Главное, важное в этой книге – неотвратимое течение жизни, которая залечивает военные раны. Вот Боря едет в пионерский лагерь и видит их из окна поезда:

«Я снова смотрю вдаль из поезда. С высокой насыпи земля видна даже за горизонтом, и я сам теперь вижу, как много места повсюду занимала война. Мы едем уже час и два; дожди разбрелись из своей толпы и поодиночке поливают наши вагоны и рельсы, потом снова светит солнце среди облаков, а на всей дальней и ближней земле проплывают окопы, воронки в траве, ‟драконовы зубы”, колючая проволока – на всей, насколько видно, земле. Как же это возможно? Если бы сосчитать по порядку номеров всех солдат первомайского парада, и каждый из них занял бы один окоп или один блиндаж, это была бы капля в море. Откуда же взялось столько наших солдат, с какого такого парада, чтобы вырыть все эти окопы, построить блиндажи, надолбы и ‟драконовы зубы”, а потом сражаться, защищать их и снова наступать, вперёд, на врага: ‟Ура, в атаку, за мной!” И неужели, если б мы ехали дальше, до самого Берлина, то всюду были бы те же окопы, проволока и обломки танков, пушек и самолётов? Нет, это невозможно себе представить при помощи газет и фантазии, надо сесть в поезд и ехать и ехать, смотреть и смотреть. Как это непохоже на старинные войны, когда оба войска собирались в условленный день на одном Куликовом поле, русские громили своих врагов и потом снова могли спокойно жить и развивать во все стороны своё государство.

Я впервые из поезда понял, какая она была огромная, эта война, какая отечественная».

А после лагеря жизнь меняется. Вот-вот вернётся из-за границы, с военной службы, отец, и дом напротив достроен, и в школе становится всё интереснее. Особенно тепло звучат слова об учителе физики – человеке, который заразил мальчишек, особенно Борю, любовью к своему предмету.

«Я чувствовал трепет и восхищение, и дух у меня тоже захватывало; когда он говорил, никто в классе не мог слушать его равнодушно. На вид он был совсем неинтересный, старенький и невысокий, как раз подходящий для того, чтобы с ним не считаться и делать что хочешь, но это только на вид. Мне бы и в голову не пришло на его уроках болтать, или читать из-под парты, или даже думать про что-нибудь другое, кроме физики: он заставлял слушать себя и смотреть не отрываясь, как в бинокль».

«За дальним поворотом» и «Таврический сад» – повести для читателей от 12–14 лет

Течение жизни и взросление меняют главного героя. Появляются серьёзные увлечения, уходят ребячьи мечты и намечается крепкая, настоящая дружба. Остаётся лишь Таврический сад, в который заказан вход тем, кто не состоит в банде Сморыги. Но однажды наступает тот самый момент, когда Боре приходится (не потому что заставили, а потому что сам не смог иначе) набраться решимости и шагнуть за кованую решётку…

***

«За дальним поворотом» и «Таврический сад» – повести для читателей от 12–14 лет.

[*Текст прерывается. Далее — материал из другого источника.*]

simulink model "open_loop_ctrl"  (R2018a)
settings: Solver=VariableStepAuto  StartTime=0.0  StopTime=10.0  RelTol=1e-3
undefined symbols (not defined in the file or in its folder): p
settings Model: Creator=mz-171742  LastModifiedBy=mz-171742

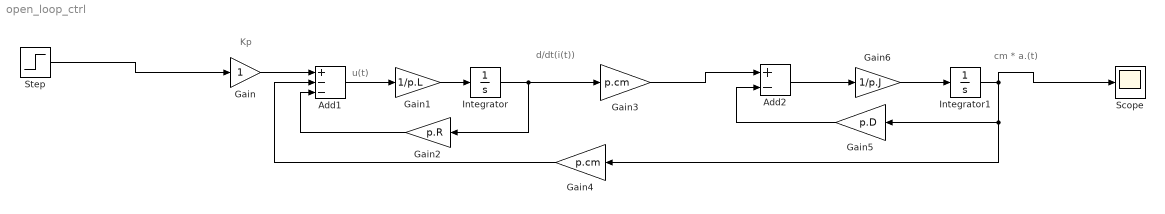
== system open_loop_ctrl ==
  note: Kp
  note: u(t)
  note: cm * a.(t)
  note: d/dt(i(t))
  Add1 : Sum  Inputs=+--
  Add2 : Sum  Inputs=+-
  Gain : Gain
  Gain1 : Gain  Gain=1/p.L
  Gain2 : Gain  Gain=p.R
  Gain3 : Gain  Gain=p.cm
  Gain4 : Gain  Gain=p.cm
  Gain5 : Gain  Gain=p.D
  Gain6 : Gain  Gain=1/p.J
  Integrator : Integrator
  Integrator1 : Integrator
  Scope : Scope
  Step : Step  Time=0  SampleTime=0
  wires:
  Gain1/1 -> Integrator/1
  Gain3/1 -> Add2/1
  Add2/1 -> Gain6/1
  Gain6/1 -> Integrator1/1
  Gain4/1 -> Add1/2
  Add1/1 -> Gain1/1
  Integrator/1 -> Gain2/1, Gain3/1
  Integrator1/1 -> Scope/1, Gain4/1, Gain5/1
  Gain5/1 -> Add2/2
  Gain/1 -> Add1/1
  Gain2/1 -> Add1/3
  Step/1 -> Gain/1
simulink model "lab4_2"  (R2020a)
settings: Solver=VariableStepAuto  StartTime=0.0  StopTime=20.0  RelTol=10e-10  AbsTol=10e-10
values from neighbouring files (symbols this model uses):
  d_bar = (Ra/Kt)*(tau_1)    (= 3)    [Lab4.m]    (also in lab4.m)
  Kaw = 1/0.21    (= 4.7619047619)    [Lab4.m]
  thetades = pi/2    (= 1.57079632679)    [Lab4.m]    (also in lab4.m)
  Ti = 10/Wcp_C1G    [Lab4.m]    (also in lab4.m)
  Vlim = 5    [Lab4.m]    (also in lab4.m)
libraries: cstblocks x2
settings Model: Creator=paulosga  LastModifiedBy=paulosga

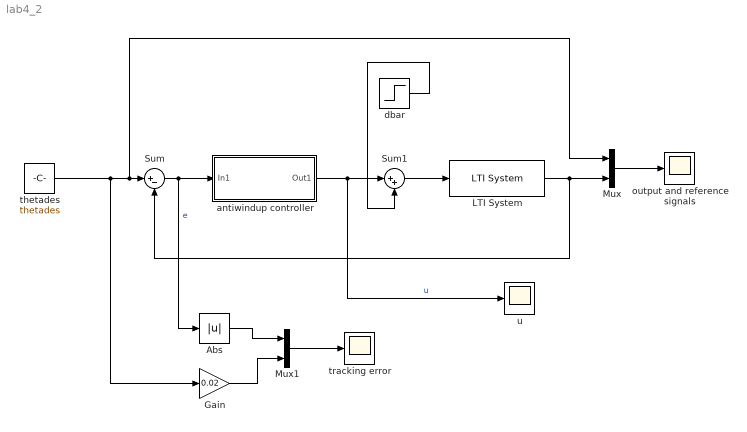
== system lab4_2 ==
  Abs : Abs
  Gain : Gain  Gain=0.02
  LTI System : cstblocks/LTI System  sys=G  IC=[]
  Mux : Mux  Inputs=2
  Mux1 : Mux  Inputs=2
  Sum : Sum  Inputs=|+-
  Sum1 : Sum  Inputs=|++
  antiwindup controller : Subsystem
  dbar : Step  Time=5  After=d_bar  SampleTime=0
  output and reference signals : Scope
  thetades : Constant  Value=thetades
  tracking error : Scope
  u : Scope
  wires:
  Mux1/1 -> tracking error/1
  Sum1/1 -> LTI System/1
  Gain/1 -> Mux1/2
  Abs/1 -> Mux1/1
  dbar/1 -> Sum1/2
  antiwindup controller/1(Out1) -> u/1, Sum1/1  "u"
  Mux/1 -> output and reference signals/1
  thetades/1 -> Gain/1, Mux/1, Sum/1
  LTI System/1 -> Mux/2, Sum/2
  Sum/1 -> antiwindup controller/1(In1), Abs/1  "e"

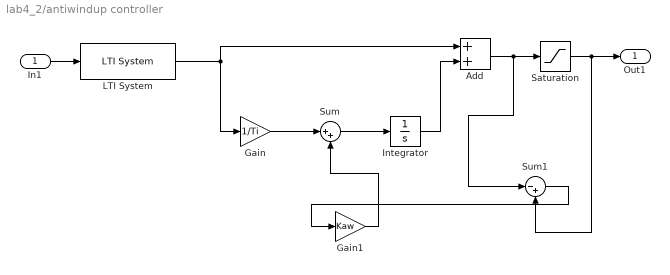
== system lab4_2/antiwindup controller ==
  In1 : Inport
  Add : Sum
  Gain : Gain  Gain=1/Ti
  Gain1 : Gain  Gain=Kaw
  Integrator : Integrator
  LTI System : cstblocks/LTI System  sys=C1  IC=[]
  Saturation : Saturate  UpperLimit=Vlim  LowerLimit=-Vlim
  Sum : Sum  Inputs=|++
  Sum1 : Sum  Inputs=|-+
  Out1 : Outport
  wires:
  In1/1 -> LTI System/1
  LTI System/1 -> Gain/1, Add/1
  Gain/1 -> Sum/1
  Sum/1 -> Integrator/1
  Integrator/1 -> Add/2
  Add/1 -> Sum1/1, Saturation/1
  Sum1/1 -> Gain1/1
  Saturation/1 -> Sum1/2, Out1/1
  Gain1/1 -> Sum/2
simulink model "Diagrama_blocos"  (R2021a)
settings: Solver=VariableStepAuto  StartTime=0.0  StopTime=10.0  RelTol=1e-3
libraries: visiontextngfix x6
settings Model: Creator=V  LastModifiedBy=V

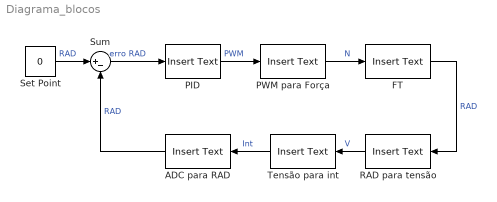
== system Diagrama_blocos ==
  ADC para RAD : visiontextngfix/Insert Text  inputType=Obsolete  theText=H2  getTextLocFrom=Specify via dialog  textLoc=[1 1]  getTextColorFrom=Specify via dialog  textColor=[0 0 0]  getTextIntensityFrom=Specify via dialog  textIntensity=0  getTextOpacityFrom=Specify via dialog  textOpacity=1.0  dummyVar2=0  dummyVar3=0  dummyVar4=0  imagePorts=One multidimensional signal  isInputTransposed=off  fontFace=LucidaSansRegular  dummyVar1=0  blockFontSize=12  antiAliased=on
      settings: SourceProductBaseCode=VP
  FT : visiontextngfix/Insert Text  inputType=Obsolete  theText=G  getTextLocFrom=Specify via dialog  textLoc=[1 1]  getTextColorFrom=Specify via dialog  textColor=[0 0 0]  getTextIntensityFrom=Specify via dialog  textIntensity=0  getTextOpacityFrom=Specify via dialog  textOpacity=1.0  dummyVar2=0  dummyVar3=0  dummyVar4=0  imagePorts=One multidimensional signal  isInputTransposed=off  fontFace=LucidaSansRegular  dummyVar1=0  blockFontSize=12  antiAliased=on
      settings: SourceProductBaseCode=VP
  PID : visiontextngfix/Insert Text  inputType=Obsolete  theText=PID  getTextLocFrom=Specify via dialog  textLoc=[1 1]  getTextColorFrom=Specify via dialog  textColor=[0 0 0]  getTextIntensityFrom=Specify via dialog  textIntensity=0  getTextOpacityFrom=Specify via dialog  textOpacity=1.0  dummyVar2=0  dummyVar3=0  dummyVar4=0  imagePorts=One multidimensional signal  isInputTransposed=off  fontFace=LucidaSansRegular  dummyVar1=0  blockFontSize=12  antiAliased=on
      settings: SourceProductBaseCode=VP
  PWM para Força : visiontextngfix/Insert Text  inputType=Obsolete  theText=H1  getTextLocFrom=Specify via dialog  textLoc=[1 1]  getTextColorFrom=Specify via dialog  textColor=[0 0 0]  getTextIntensityFrom=Specify via dialog  textIntensity=0  getTextOpacityFrom=Specify via dialog  textOpacity=1.0  dummyVar2=0  dummyVar3=0  dummyVar4=0  imagePorts=One multidimensional signal  isInputTransposed=off  fontFace=LucidaSansRegular  dummyVar1=0  blockFontSize=12  antiAliased=on
      settings: SourceProductBaseCode=VP
  RAD para tensão : visiontextngfix/Insert Text  inputType=Obsolete  theText=Sensor  getTextLocFrom=Specify via dialog  textLoc=[1 1]  getTextColorFrom=Specify via dialog  textColor=[0 0 0]  getTextIntensityFrom=Specify via dialog  textIntensity=0  getTextOpacityFrom=Specify via dialog  textOpacity=1.0  dummyVar2=0  dummyVar3=0  dummyVar4=0  imagePorts=One multidimensional signal  isInputTransposed=off  fontFace=LucidaSansRegular  dummyVar1=0  blockFontSize=12  antiAliased=on
      settings: SourceProductBaseCode=VP
  Set Point : Constant  Value=0
  Sum : Sum  Inputs=|+-
  Tensão para int : visiontextngfix/Insert Text  inputType=Obsolete  theText=ADC  getTextLocFrom=Specify via dialog  textLoc=[1 1]  getTextColorFrom=Specify via dialog  textColor=[0 0 0]  getTextIntensityFrom=Specify via dialog  textIntensity=0  getTextOpacityFrom=Specify via dialog  textOpacity=1.0  dummyVar2=0  dummyVar3=0  dummyVar4=0  imagePorts=One multidimensional signal  isInputTransposed=off  fontFace=LucidaSansRegular  dummyVar1=0  blockFontSize=12  antiAliased=on
      settings: SourceProductBaseCode=VP
  wires:
  PID/1 -> PWM para Força/1  "PWM"
  PWM para Força/1 -> FT/1  "N"
  Tensão para int/1 -> ADC para RAD/1  "Int"
  ADC para RAD/1 -> Sum/2  "RAD"
  Sum/1 -> PID/1  "erro RAD"
  Set Point/1 -> Sum/1  "RAD"
  RAD para tensão/1 -> Tensão para int/1  "V"
  FT/1 -> RAD para tensão/1  "RAD"

Их нельзя отнести к той категории юношеской литературы, от которой «не оторваться»: лихо закрученный сюжет, опасные приключения и неожиданные развязки – вещи, имеющие отношение к иному роду литературы. Но если ребёнок всё-таки прочитает эти повести, он будет иметь нешаблонное, живое представление о жизни ребят в послевоенном Ленинграде, о быте, радостях и горестях своих сверстников. Почувствует их сердцем – а это порой становится самым важным свидетельством ушедшей эпохи.